Task directions: A faithful copy of each entry below is expected, with the images removed.

Source material:
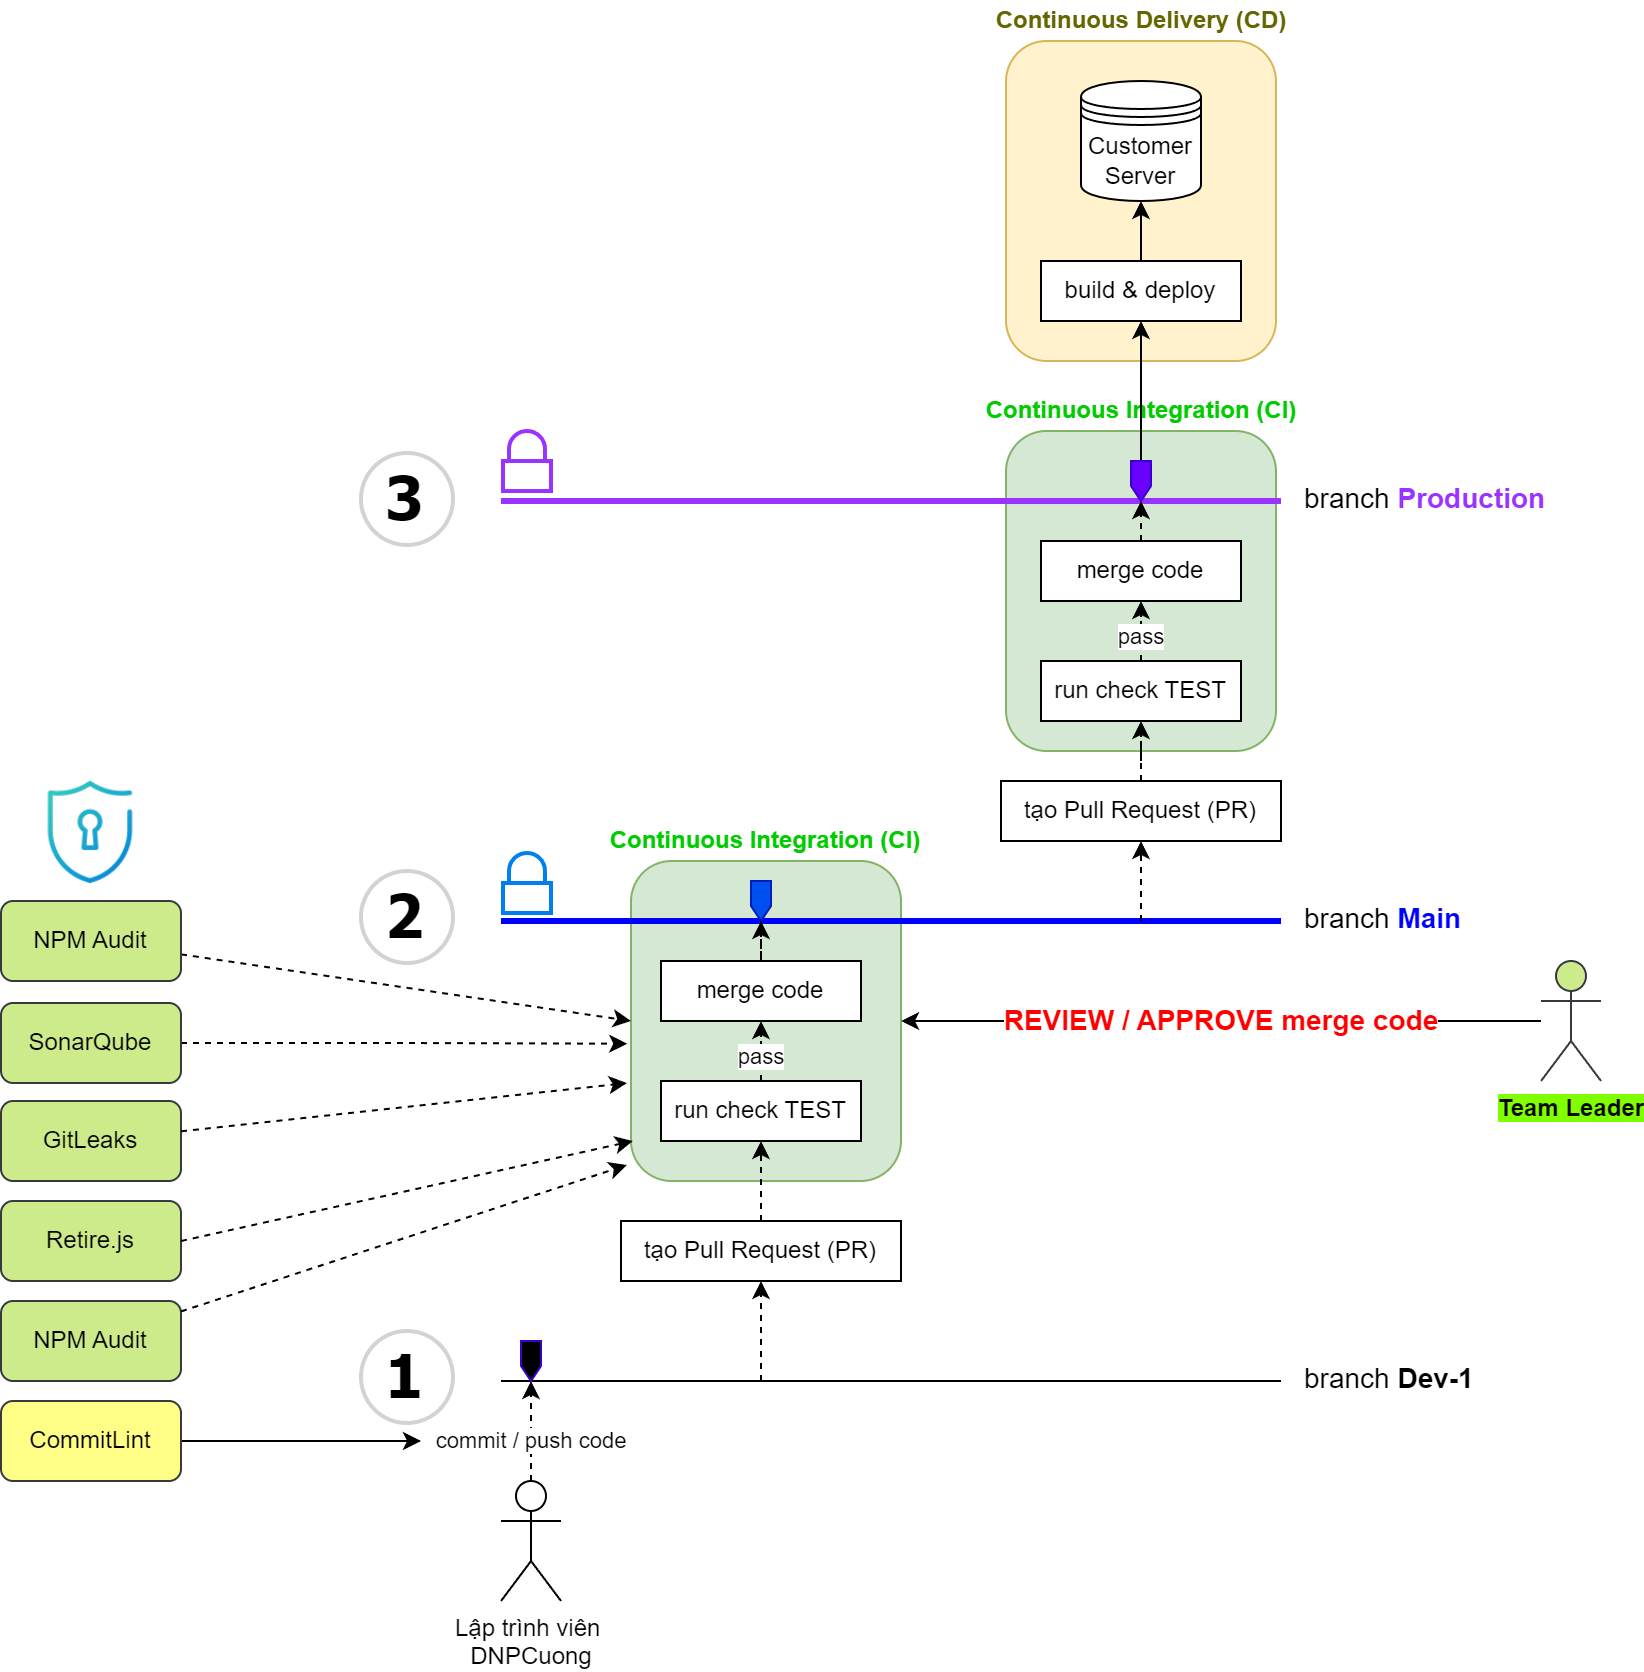

The diagram above was exported from draw.io. Its source (the exported page's mxGraphModel, read from the mxfile embedded in the PNG):
<mxGraphModel dx="2901" dy="2267" grid="1" gridSize="10" guides="1" tooltips="1" connect="1" arrows="1" fold="1" page="1" pageScale="1" pageWidth="827" pageHeight="1169" math="0" shadow="0">
  <root>
    <mxCell id="c8e7jtdOirz6HO9TRUzS-0" />
    <mxCell id="c8e7jtdOirz6HO9TRUzS-1" parent="c8e7jtdOirz6HO9TRUzS-0" />
    <mxCell id="c8e7jtdOirz6HO9TRUzS-2" value="" style="rounded=1;whiteSpace=wrap;html=1;fillColor=#d5e8d4;strokeColor=#82b366;" parent="c8e7jtdOirz6HO9TRUzS-1" vertex="1">
      <mxGeometry x="292.5" y="75" width="135" height="160" as="geometry" />
    </mxCell>
    <mxCell id="c8e7jtdOirz6HO9TRUzS-3" value="Continuous Integration (CI)" style="text;html=1;align=center;verticalAlign=middle;whiteSpace=wrap;rounded=0;fontStyle=1;fontColor=#00CC00;" parent="c8e7jtdOirz6HO9TRUzS-1" vertex="1">
      <mxGeometry x="272.5" y="55" width="175" height="20" as="geometry" />
    </mxCell>
    <mxCell id="c8e7jtdOirz6HO9TRUzS-4" value="" style="rounded=1;whiteSpace=wrap;html=1;fillColor=#fff2cc;strokeColor=#d6b656;" parent="c8e7jtdOirz6HO9TRUzS-1" vertex="1">
      <mxGeometry x="292.5" y="-120" width="135" height="160" as="geometry" />
    </mxCell>
    <mxCell id="c8e7jtdOirz6HO9TRUzS-5" value="" style="rounded=1;whiteSpace=wrap;html=1;fillColor=#d5e8d4;strokeColor=#82b366;" parent="c8e7jtdOirz6HO9TRUzS-1" vertex="1">
      <mxGeometry x="105" y="290" width="135" height="160" as="geometry" />
    </mxCell>
    <mxCell id="c8e7jtdOirz6HO9TRUzS-6" value="" style="endArrow=none;html=1;rounded=0;strokeWidth=3;strokeColor=#9933FF;" parent="c8e7jtdOirz6HO9TRUzS-1" edge="1">
      <mxGeometry width="50" height="50" relative="1" as="geometry">
        <mxPoint x="40" y="110" as="sourcePoint" />
        <mxPoint x="430" y="110" as="targetPoint" />
      </mxGeometry>
    </mxCell>
    <mxCell id="c8e7jtdOirz6HO9TRUzS-7" value="" style="endArrow=none;html=1;rounded=0;strokeWidth=3;strokeColor=#0000FF;" parent="c8e7jtdOirz6HO9TRUzS-1" edge="1">
      <mxGeometry width="50" height="50" relative="1" as="geometry">
        <mxPoint x="40" y="320" as="sourcePoint" />
        <mxPoint x="430" y="320" as="targetPoint" />
      </mxGeometry>
    </mxCell>
    <mxCell id="c8e7jtdOirz6HO9TRUzS-8" value="" style="endArrow=none;html=1;rounded=0;" parent="c8e7jtdOirz6HO9TRUzS-1" edge="1">
      <mxGeometry width="50" height="50" relative="1" as="geometry">
        <mxPoint x="40" y="550" as="sourcePoint" />
        <mxPoint x="430" y="550" as="targetPoint" />
      </mxGeometry>
    </mxCell>
    <mxCell id="c8e7jtdOirz6HO9TRUzS-9" value="branch &lt;b style=&quot;font-size: 14px;&quot;&gt;&lt;font style=&quot;font-size: 14px;&quot; color=&quot;#9933ff&quot;&gt;Production&lt;/font&gt;&lt;/b&gt;" style="text;html=1;align=left;verticalAlign=middle;whiteSpace=wrap;rounded=0;fontSize=14;" parent="c8e7jtdOirz6HO9TRUzS-1" vertex="1">
      <mxGeometry x="440" y="94" width="130" height="30" as="geometry" />
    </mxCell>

Expected answer:
The diagram above was exported from draw.io. Its source (the exported page's mxGraphModel, read from the mxfile embedded in the PNG):
<mxGraphModel dx="2901" dy="2267" grid="1" gridSize="10" guides="1" tooltips="1" connect="1" arrows="1" fold="1" page="1" pageScale="1" pageWidth="827" pageHeight="1169" math="0" shadow="0">
  <root>
    <mxCell id="c8e7jtdOirz6HO9TRUzS-0" />
    <mxCell id="c8e7jtdOirz6HO9TRUzS-1" parent="c8e7jtdOirz6HO9TRUzS-0" />
    <mxCell id="c8e7jtdOirz6HO9TRUzS-2" value="" style="rounded=1;whiteSpace=wrap;html=1;fillColor=#d5e8d4;strokeColor=#82b366;" parent="c8e7jtdOirz6HO9TRUzS-1" vertex="1">
      <mxGeometry x="292.5" y="75" width="135" height="160" as="geometry" />
    </mxCell>
    <mxCell id="c8e7jtdOirz6HO9TRUzS-3" value="Continuous Integration (CI)" style="text;html=1;align=center;verticalAlign=middle;whiteSpace=wrap;rounded=0;fontStyle=1;fontColor=#00CC00;" parent="c8e7jtdOirz6HO9TRUzS-1" vertex="1">
      <mxGeometry x="272.5" y="55" width="175" height="20" as="geometry" />
    </mxCell>
    <mxCell id="c8e7jtdOirz6HO9TRUzS-4" value="" style="rounded=1;whiteSpace=wrap;html=1;fillColor=#fff2cc;strokeColor=#d6b656;" parent="c8e7jtdOirz6HO9TRUzS-1" vertex="1">
      <mxGeometry x="292.5" y="-120" width="135" height="160" as="geometry" />
    </mxCell>
    <mxCell id="c8e7jtdOirz6HO9TRUzS-5" value="" style="rounded=1;whiteSpace=wrap;html=1;fillColor=#d5e8d4;strokeColor=#82b366;" parent="c8e7jtdOirz6HO9TRUzS-1" vertex="1">
      <mxGeometry x="105" y="290" width="135" height="160" as="geometry" />
    </mxCell>
    <mxCell id="c8e7jtdOirz6HO9TRUzS-6" value="" style="endArrow=none;html=1;rounded=0;strokeWidth=3;strokeColor=#9933FF;" parent="c8e7jtdOirz6HO9TRUzS-1" edge="1">
      <mxGeometry width="50" height="50" relative="1" as="geometry">
        <mxPoint x="40" y="110" as="sourcePoint" />
        <mxPoint x="430" y="110" as="targetPoint" />
      </mxGeometry>
    </mxCell>
    <mxCell id="c8e7jtdOirz6HO9TRUzS-7" value="" style="endArrow=none;html=1;rounded=0;strokeWidth=3;strokeColor=#0000FF;" parent="c8e7jtdOirz6HO9TRUzS-1" edge="1">
      <mxGeometry width="50" height="50" relative="1" as="geometry">
        <mxPoint x="40" y="320" as="sourcePoint" />
        <mxPoint x="430" y="320" as="targetPoint" />
      </mxGeometry>
    </mxCell>
    <mxCell id="c8e7jtdOirz6HO9TRUzS-8" value="" style="endArrow=none;html=1;rounded=0;" parent="c8e7jtdOirz6HO9TRUzS-1" edge="1">
      <mxGeometry width="50" height="50" relative="1" as="geometry">
        <mxPoint x="40" y="550" as="sourcePoint" />
        <mxPoint x="430" y="550" as="targetPoint" />
      </mxGeometry>
    </mxCell>
    <mxCell id="c8e7jtdOirz6HO9TRUzS-9" value="branch &lt;b style=&quot;font-size: 14px;&quot;&gt;&lt;font style=&quot;font-size: 14px;&quot; color=&quot;#9933ff&quot;&gt;Production&lt;/font&gt;&lt;/b&gt;" style="text;html=1;align=left;verticalAlign=middle;whiteSpace=wrap;rounded=0;fontSize=14;" parent="c8e7jtdOirz6HO9TRUzS-1" vertex="1">
      <mxGeometry x="440" y="94" width="130" height="30" as="geometry" />
    </mxCell>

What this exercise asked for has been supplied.